Senator Parer —Mr Temporary Chairman, on a point of order: we are debating the amendments to the Industrial Relations Legislation Amendment Bill (No. 2). I know that in second reading speeches honourable senators do range fairly widely, but tonight Senator Schacht is talking about human rights and marching in the streets of Brisbane. What relevance that has to the amendments to the industrial relations Bill is beyond me.


Senator SCHACHT —On the point of order, Mr Temporary Chairman—

  The TEMPORARY CHAIRMAN (Senator Aulich)—You probably do not need to speak on the point of order because I cannot uphold it. Senator Parer will recall that part 3A(ba) of the Government's amendments does in fact talk about conciliation and arbitration procedures for the prevention and prompt settlement of industrial disputes.
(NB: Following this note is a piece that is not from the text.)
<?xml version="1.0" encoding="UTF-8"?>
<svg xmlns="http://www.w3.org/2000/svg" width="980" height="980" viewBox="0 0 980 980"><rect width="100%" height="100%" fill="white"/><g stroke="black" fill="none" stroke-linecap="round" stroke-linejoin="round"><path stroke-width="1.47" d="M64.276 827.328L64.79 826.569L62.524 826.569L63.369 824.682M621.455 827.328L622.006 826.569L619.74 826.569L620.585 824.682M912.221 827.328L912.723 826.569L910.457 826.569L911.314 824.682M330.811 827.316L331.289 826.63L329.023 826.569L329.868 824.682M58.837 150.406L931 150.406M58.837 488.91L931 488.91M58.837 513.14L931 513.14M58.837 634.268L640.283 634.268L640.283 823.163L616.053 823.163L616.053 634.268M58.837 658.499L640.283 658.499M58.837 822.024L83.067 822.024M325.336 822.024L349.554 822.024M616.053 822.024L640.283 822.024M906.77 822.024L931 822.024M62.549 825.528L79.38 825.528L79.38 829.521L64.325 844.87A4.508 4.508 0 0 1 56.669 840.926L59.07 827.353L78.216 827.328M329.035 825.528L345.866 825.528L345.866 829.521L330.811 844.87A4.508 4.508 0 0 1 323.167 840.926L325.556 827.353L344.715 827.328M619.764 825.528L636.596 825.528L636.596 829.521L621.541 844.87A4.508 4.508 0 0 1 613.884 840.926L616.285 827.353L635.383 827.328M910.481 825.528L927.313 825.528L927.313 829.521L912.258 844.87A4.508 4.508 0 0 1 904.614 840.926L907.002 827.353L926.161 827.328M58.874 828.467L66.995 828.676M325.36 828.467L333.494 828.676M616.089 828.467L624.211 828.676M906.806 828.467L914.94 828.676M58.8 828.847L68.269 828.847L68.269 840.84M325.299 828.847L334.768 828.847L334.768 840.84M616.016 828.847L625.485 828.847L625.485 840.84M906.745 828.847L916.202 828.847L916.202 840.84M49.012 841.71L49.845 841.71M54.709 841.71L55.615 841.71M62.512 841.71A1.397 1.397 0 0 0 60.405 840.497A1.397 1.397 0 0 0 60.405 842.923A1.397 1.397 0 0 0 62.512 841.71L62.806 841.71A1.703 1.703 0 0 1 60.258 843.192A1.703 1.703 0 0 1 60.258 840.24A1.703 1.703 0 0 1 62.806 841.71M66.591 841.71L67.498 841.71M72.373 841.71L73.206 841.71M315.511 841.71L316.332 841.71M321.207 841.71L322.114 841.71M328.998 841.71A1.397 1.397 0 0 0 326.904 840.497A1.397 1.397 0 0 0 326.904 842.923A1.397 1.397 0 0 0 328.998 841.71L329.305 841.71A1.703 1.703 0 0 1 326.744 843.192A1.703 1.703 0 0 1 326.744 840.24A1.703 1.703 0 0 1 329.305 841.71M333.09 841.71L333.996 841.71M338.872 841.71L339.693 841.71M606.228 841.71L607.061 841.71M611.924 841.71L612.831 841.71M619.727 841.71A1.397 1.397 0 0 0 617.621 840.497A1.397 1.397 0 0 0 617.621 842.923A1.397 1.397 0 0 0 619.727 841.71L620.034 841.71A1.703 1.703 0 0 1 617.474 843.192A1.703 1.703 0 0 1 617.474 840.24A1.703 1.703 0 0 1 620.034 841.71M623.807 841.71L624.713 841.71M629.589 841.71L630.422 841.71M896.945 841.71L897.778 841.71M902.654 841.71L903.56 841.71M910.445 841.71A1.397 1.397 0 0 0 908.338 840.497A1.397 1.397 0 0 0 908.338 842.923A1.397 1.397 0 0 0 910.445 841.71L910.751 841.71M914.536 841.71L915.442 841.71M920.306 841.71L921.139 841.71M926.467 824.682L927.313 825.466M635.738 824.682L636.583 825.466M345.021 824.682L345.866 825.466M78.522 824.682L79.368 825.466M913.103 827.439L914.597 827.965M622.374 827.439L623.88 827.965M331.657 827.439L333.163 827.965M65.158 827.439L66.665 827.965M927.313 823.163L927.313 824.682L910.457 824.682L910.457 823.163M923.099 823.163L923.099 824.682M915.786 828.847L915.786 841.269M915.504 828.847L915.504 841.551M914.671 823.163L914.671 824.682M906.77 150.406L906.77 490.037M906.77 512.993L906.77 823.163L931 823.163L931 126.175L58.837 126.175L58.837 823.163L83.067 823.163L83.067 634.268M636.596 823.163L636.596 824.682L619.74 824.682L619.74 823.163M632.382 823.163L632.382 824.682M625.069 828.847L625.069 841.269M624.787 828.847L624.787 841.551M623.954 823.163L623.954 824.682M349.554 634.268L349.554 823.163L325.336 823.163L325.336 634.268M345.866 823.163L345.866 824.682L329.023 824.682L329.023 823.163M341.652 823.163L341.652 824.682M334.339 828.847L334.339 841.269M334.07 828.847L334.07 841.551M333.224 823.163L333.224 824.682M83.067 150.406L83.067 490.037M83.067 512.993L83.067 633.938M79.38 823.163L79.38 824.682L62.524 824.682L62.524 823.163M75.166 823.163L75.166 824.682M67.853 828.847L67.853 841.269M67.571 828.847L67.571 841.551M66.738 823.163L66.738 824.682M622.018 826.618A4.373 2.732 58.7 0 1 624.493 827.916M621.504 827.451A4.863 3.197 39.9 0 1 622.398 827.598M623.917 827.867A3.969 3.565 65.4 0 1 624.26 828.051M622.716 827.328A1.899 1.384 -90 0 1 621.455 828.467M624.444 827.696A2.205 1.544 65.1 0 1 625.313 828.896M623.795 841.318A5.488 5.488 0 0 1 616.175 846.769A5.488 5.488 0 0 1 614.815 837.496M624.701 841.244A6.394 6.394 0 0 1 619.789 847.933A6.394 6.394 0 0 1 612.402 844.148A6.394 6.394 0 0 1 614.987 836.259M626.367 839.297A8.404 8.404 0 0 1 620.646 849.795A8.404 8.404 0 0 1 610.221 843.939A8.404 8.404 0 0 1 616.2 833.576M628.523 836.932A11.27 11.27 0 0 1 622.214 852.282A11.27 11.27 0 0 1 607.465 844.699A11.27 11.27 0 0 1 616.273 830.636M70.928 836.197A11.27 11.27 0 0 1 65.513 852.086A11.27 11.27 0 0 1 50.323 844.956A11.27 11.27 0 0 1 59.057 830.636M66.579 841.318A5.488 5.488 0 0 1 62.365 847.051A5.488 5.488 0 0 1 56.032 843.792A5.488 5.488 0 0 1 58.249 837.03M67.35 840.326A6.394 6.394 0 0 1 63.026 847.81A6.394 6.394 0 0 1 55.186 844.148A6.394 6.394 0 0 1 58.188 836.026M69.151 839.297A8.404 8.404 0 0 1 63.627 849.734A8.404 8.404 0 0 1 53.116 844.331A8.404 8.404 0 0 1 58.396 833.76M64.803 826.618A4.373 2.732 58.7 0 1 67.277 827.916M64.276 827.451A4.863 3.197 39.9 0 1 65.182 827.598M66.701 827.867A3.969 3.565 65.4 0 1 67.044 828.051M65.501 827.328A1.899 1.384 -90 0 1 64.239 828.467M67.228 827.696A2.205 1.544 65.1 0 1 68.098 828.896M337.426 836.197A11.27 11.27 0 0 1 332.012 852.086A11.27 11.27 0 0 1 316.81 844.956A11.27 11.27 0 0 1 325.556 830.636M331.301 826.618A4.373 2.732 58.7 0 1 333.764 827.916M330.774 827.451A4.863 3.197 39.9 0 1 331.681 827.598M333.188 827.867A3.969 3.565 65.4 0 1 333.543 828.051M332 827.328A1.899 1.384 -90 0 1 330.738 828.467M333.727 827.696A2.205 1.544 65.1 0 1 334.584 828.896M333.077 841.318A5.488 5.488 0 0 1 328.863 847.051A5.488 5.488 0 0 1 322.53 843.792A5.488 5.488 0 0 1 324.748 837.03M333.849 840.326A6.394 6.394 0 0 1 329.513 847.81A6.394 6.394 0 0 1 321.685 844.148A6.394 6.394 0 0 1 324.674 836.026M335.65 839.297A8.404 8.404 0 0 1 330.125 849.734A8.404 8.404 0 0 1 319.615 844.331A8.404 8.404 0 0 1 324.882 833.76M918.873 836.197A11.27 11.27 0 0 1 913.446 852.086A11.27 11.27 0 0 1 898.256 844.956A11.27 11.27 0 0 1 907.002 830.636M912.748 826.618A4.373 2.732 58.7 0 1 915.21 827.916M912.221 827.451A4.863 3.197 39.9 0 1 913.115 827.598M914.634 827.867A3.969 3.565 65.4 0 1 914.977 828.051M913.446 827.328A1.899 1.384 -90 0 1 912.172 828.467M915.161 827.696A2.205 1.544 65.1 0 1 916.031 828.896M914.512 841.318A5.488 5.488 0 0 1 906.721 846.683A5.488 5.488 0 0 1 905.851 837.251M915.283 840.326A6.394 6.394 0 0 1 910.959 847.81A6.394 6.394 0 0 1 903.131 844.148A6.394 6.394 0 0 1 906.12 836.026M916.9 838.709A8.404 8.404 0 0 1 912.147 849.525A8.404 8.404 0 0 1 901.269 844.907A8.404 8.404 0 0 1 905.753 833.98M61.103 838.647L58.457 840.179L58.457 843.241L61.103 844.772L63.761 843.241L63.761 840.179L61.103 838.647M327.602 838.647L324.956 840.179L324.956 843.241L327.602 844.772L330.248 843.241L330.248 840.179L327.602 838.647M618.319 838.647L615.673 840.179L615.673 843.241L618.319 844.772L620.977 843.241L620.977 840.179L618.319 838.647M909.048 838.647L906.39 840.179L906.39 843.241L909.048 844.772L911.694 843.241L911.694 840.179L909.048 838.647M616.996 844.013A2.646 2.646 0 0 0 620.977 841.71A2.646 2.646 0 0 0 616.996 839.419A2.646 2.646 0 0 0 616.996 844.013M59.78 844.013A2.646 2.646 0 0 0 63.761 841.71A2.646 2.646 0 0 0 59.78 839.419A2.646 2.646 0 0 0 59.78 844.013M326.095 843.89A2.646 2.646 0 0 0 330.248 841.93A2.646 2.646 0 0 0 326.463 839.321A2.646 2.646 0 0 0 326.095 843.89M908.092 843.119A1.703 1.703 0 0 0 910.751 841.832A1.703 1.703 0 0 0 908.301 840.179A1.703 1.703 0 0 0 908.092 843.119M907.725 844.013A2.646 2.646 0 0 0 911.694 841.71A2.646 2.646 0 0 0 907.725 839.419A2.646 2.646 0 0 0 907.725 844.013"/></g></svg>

At the moment Senator Schacht is in order, and of course he would not want to stray too far at this stage, given that the legislation is in committee.


Senator SCHACHT —Thank you for that guidance, Mr Temporary Chairman. These were the matters that were raised after the second reading had been debated in the Senate Standing Committee on Legal and Constitutional Affairs when we had these amendments before us. No-one ruled them out of order then.

  I find it hypocritical of people such as Professor Craven to talk about human rights and claim that federalism is the greatest protection of human rights. In my view, over the last half century in this country State rights have done more to restrict human rights than any other single concept. I look forward to seeing Professor Craven supporting the recommendations of the Joint Standing Committee on Foreign Affairs Defence and Trade, which said that in a number of cases we ought to accede to various conventions—including ILO conventions which are mentioned in the legislation. So I find it extraordinary that Professor Craven would make such remarks.

  Professor Craven quoted Alfred Deakin as being the oracle of all his knowledge on federalism and where it is going. He failed to mention that Alfred Deakin was a strong supporter of the introduction of the first Commonwealth Conciliation and Arbitration Act in 1904. He was also a great supporter of protection, something that I suspect Professor Craven, being one of the new `bovver boys' of the Right in Victoria, totally ideologically opposes. Yet he quoted Alfred Deakin as being the defender of his view of the way that the Constitution should work. Had he been listening to Professor Craven, Alfred Deakin would probably be turning in his grave.

   Professor Craven has an extremely limited view about the notion of nationhood in Australia. That ideological, right wing view, characterised by zealotry, would impose a system of government on Australia which would divide Australians and create conflict and division. Rather than having a concept of inclusion in our community where people, whether they are employers or employees, whether they are in Federal, State or local governments, work together, he is driven—and he advises the Kennett Government accordingly—by a narrow States' rights issue which is to the detriment of the well-being of all Australian people.